Scandal of Spring
- Author: Martin Boyd
- Language: English
- Genre: Fiction
- Publisher: J. M. Dent, London
- Publication date: 1934
- Publication place: Australia
- Media type: Print
- Pages: 245 pp
- Preceded by: Dearest Idol
- Followed by: The Lemon Farm

= Scandal of Spring =

1934 novel by Martin Boyd

Scandal of Spring (1934) is a novel by Australian writer Martin Boyd.

==Story outline==
Set in a small English seaside village, the novel follows the story of the youth John Vazetti with lives with his parents in a cottage with tearooms attached. John falls in love with a young woman, Madge, who is visiting family in the village.
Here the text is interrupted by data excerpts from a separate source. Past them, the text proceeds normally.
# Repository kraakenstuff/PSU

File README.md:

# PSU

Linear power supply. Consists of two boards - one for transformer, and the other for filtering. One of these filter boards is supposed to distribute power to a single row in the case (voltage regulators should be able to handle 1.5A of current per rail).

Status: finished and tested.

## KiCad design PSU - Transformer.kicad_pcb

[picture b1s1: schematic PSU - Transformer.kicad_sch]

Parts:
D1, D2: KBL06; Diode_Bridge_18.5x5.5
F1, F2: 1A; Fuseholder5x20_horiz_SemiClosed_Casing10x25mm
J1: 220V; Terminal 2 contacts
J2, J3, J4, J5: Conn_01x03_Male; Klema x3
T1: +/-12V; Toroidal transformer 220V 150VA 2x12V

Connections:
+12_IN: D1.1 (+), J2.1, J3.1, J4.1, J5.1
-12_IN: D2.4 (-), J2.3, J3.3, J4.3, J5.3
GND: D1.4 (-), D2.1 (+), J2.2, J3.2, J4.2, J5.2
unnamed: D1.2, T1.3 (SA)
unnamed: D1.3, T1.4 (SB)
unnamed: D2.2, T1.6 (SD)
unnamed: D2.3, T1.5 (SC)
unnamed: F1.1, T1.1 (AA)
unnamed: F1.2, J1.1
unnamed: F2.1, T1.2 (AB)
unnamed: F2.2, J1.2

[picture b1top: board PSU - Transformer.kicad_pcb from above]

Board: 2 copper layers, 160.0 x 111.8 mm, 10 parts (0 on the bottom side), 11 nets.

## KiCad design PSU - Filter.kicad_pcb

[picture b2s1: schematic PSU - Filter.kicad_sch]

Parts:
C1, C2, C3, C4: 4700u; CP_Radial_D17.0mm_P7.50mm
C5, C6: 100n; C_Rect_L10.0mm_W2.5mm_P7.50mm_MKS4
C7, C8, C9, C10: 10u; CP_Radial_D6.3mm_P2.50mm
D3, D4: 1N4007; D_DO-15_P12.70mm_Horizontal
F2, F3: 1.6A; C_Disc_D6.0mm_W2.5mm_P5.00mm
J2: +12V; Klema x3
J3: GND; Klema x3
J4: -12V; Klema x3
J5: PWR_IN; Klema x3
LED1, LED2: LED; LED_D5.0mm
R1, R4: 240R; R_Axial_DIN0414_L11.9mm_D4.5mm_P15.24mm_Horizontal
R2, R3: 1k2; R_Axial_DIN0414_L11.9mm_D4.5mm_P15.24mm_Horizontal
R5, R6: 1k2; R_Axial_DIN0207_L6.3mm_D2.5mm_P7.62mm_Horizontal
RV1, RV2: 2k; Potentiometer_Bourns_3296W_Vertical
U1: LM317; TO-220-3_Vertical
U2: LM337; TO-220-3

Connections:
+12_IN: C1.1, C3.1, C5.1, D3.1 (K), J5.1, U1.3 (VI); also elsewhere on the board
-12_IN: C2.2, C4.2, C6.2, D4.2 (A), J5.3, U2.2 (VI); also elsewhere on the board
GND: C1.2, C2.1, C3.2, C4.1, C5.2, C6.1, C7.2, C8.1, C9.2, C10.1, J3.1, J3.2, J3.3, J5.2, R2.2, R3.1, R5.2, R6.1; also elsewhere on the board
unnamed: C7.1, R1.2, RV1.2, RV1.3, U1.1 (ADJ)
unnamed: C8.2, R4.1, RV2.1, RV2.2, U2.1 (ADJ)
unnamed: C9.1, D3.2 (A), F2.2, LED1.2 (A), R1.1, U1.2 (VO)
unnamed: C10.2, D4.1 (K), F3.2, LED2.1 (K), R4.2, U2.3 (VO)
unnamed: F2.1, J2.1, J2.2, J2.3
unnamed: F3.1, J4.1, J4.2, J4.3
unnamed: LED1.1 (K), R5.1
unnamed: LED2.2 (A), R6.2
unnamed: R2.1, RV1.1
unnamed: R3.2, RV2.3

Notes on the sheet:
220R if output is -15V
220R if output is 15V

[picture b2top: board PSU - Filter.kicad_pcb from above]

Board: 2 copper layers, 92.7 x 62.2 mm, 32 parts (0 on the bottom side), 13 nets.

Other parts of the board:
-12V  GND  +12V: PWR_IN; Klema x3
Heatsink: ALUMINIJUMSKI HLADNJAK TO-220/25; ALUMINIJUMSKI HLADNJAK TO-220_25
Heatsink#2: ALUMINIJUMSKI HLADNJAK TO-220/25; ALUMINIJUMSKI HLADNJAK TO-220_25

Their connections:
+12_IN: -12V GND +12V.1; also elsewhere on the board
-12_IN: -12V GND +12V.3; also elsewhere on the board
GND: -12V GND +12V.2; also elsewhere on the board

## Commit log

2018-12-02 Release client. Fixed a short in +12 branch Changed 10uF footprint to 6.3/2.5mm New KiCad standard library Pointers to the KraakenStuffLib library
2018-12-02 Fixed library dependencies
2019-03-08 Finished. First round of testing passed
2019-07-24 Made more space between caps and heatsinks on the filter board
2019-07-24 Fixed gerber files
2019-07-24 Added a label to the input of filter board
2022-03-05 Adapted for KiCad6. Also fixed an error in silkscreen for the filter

Although their relatives try to push the two apart they eventually run off to London where John is arrested and imprisoned.

==Critical reception==
A reviewer in The Courier-Mail found that this "is a book of youth, misunderstood and battered by the blindness and prejudice of the hide-bound middle-aged. Put so baldly, it sounds commonplace, but there is nothing commonplace in the beautifully-written story. It tells with that delicacy of touch that is part of Mr. Martin Boyd's charm."

In The Age, the reviewer was rather dismissive, noting: "Mr Boyd needs a bigger and better theme for the display of his literary talents."